Последняя ремарка означала, что это одно из ежедневных писем, которыми перебрасывались европейские монархи. Будь письмо «дипломатическим» и государственной важности, его бы доставил специально обученный офицер.

— Давай, — король сгреб конверт с подноса, распечатал, лениво пробежал глазами по строкам и пару раз улыбнулся. — Угуугу, — кивал он головой. — Ах вот она как!

Ну, ладно…

Людовик прищурился и вдруг на королевских губах появилась нехорошая дрожащая усмешка.

— Вольтер! — окрикнул он пребывающего в прострации философа, который покидал королевский будуар в сопровождении двух дюжих лакеев. — Не все потеряно, наш дорогой зануда. Повелеваю тебе присутствовать на балу.

Философ встрепенулся, не веря своим ушам и бросился было целовать королевские ноги, но Людовик спрятал их под табурет.

Гвардия правильно поняла указание и быстренько очистила королевский будуар от благодарной философии.

— Господи, и этого человека церковь считает бунтарем! — всплеснул руками Его Величество. — Не будь кардинал Флери так скуп, мог бы получить дополнительного проповедника.

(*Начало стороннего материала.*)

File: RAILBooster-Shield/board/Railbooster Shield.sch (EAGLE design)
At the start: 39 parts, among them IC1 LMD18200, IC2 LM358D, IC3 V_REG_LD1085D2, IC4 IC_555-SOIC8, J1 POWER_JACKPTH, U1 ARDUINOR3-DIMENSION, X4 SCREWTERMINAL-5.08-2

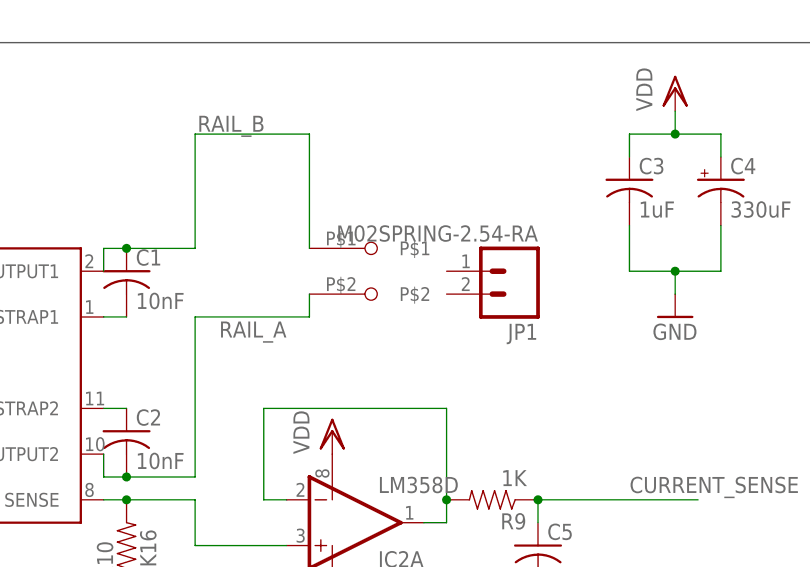
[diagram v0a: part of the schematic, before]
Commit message: Update to remove rouge connector
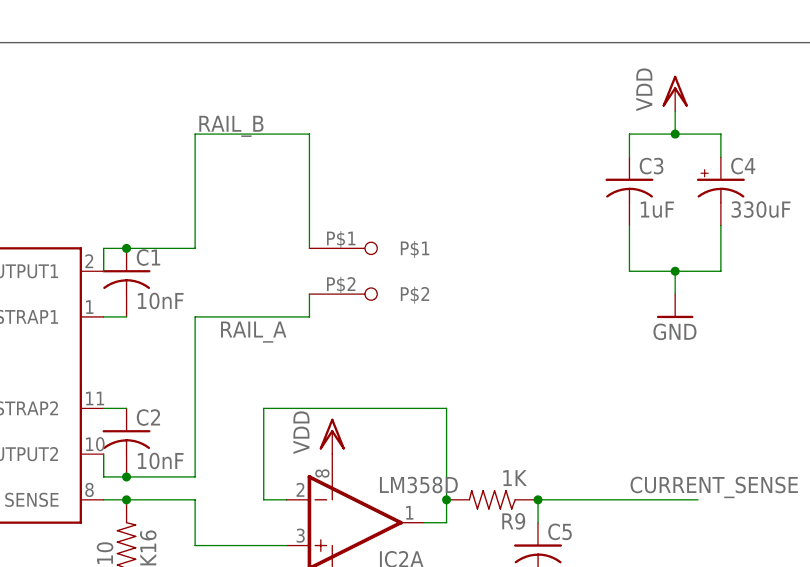
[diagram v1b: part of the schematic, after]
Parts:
- removed JP1: M02SPRING-2.54-RA, SparkFun-Connectors:M02SPRING-2.54-RA
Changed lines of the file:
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@@
 <part name="C10" library="resistor" deviceset="C-US" device="C1206" value="10uF"/>
 <part name="GND13" library="supply1" deviceset="GND" device=""/>
-<part name="JP1" library="SparkFun-Connectors" deviceset="M02" device="SPRING-2.54-RA"/>
 </parts>
 <sheets>
@@
 <instance part="C10" gate="G$1" x="332.74" y="78.74"/>
 <instance part="GND13" gate="1" x="332.74" y="68.58"/>
-<instance part="JP1" gate="G$1" x="236.22" y="154.94" rot="R180"/>
 </instances>
 <busses>

— Нет, сир, — вступил в разговор Дессанж, надевая на лысеющую королевскую голову специальную сетку, чтобы парик не соскальзывал, — для проповедования требуются сообразительные острословы, следовательно, кардинал Флери поступает рачительно, не желая зря выбрасывать деньги.

* * *

— Белфегор! Явись! — Максимилиан де Полиньяк стоял перед зеркалом, на котором изобразил специальный каббалистический знак.

Зеркало отражало комнату, позади графа отчетливо виднелась дверь. Неожиданно она распахнулась и в нее вошел Белфегор в кургузом костюмчике с красной гвоздикой в петлице и несуразной кепке.

— Здравствуйте, товарищ! — приветствовал он графа.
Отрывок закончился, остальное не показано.